Please enjoy this profoundly stupid GOP campaign ad
Michelle Fiore can shoot beer bottles in an empty desert, and that’s why she should be governor of Nevada.
At this point in our long national political implosion, it goes without saying that the Republican Party of 2021 and beyond is fundamentally a party predicated on pleasing — and emulating — former President Donald Trump. That presents something of a problem for the GOP, given that Trump remains wildly unpopular among the broader body politic, to say nothing of the fact that trying to out-Trump Trump is basically a cosplay exercise in diminishing returns.
Nevertheless, that’s the name of the game these days, particularly as conservative primary races heat up in preparation for the 2022 midterms. The goal here seems not to be to appeal to as broad a swath of the overall electorate as possible, but instead to galvanize the most enthusiastically extreme members of your party to vault you into the general election, where you can worry about overall electability when you get there.
Having said all that, I still am forced to ask: What the absolute unglued hell is going on in this just-released campaign ad for aspiring Nevada governor Michele Fiore?
Despite her claim that she’s “spent my whole life fighting the establishment,” Fiore has actually spent the better part of the past decade holding public office of some sort, first as a member of the Nevada Assembly, and then as a city council member in Las Vegas. And while it’s true that her time in politics has been riddled with the sort of extremist dalliances that were once career suicide for an aspiring state executive, Fiore’s enthusiastic support for domestic terrorists, violent xenophobia, and lurch toward authoritarianism seem practically jejune by today’s post-Trumpian standards.

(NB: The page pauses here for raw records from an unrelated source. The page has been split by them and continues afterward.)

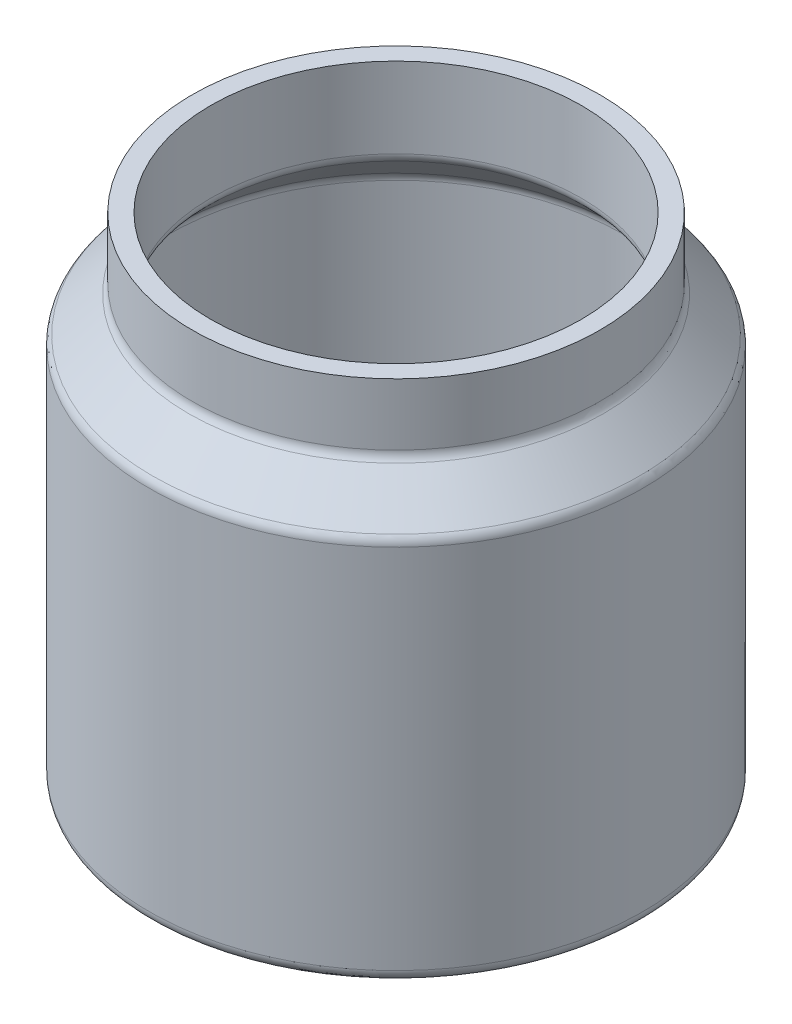
from build123d import *


with BuildPart() as part:
    # Esquisse1 → Révolution1 (revolve)
    with BuildSketch(Plane.XY):
        with BuildLine():
            Line((0, 0), (38, 0))
            ThreePointArc((38, 0), (39.414213562, 0.585786438), (40, 2))
            Line((40, 2), (40, 61.343145751))
            ThreePointArc((40, 61.343145751), (39.847759065, 62.108512615), (39.414213562, 62.757359313))
            Line((39.414213562, 62.757359313), (33.585786438, 68.585786438))
            ThreePointArc((33.585786438, 68.585786438), (33.152240935, 69.234633135), (33, 70))
            Line((33, 70), (33, 80))
            Line((33, 80), (30, 80))
            Line((30, 80), (30, 67))
            ThreePointArc((30, 67), (30.152240935, 66.234633135), (30.585786438, 65.585786438))
            Line((30.585786438, 65.585786438), (36.414213562, 59.757359313))
            ThreePointArc((36.414213562, 59.757359313), (36.847759065, 59.108512615), (37, 58.343145751))
            Line((37, 58.343145751), (37, 5))
            ThreePointArc((37, 5), (36.414213562, 3.585786438), (35, 3))
            Line((35, 3), (0, 3))
            Line((0, 3), (0, 0))
        make_face()
    revolve(axis=Axis((0, 0, 0), (0, 1, 0)))


solid = part.part

Which is perhaps why her campaign announcement video feels so psychotic, yet dull at the same time. Yes, it’s objectively weird to film a campaign ad framing you as a leader in which you just wander an empty stretch of desert by yourself, but the whole “opening fire on issues I don’t like” shpiel is incredibly warmed over at this point — so much so that it’s easy to overlook how awkwardly contrived the whole thing is. Watch the ad again, and pay special attention to the end when Fiore momentarily takes her hand off her sidearm, only to immediately return to clutching her weapon unconvincingly for the final few seconds. Sure, all campaign ads are staged pantomimes with little connection to real life, but in this case that disconnect is even more obvious than usual.
With years operating at various levels of Nevada state and local government, it’s entirely possible that Fiore has a legitimate shot at winning her party’s nomination, and even the governor’s race in general. If she does, though, my guess is it will be despite — not because of — an ad that smacks of trying too hard to be edgy.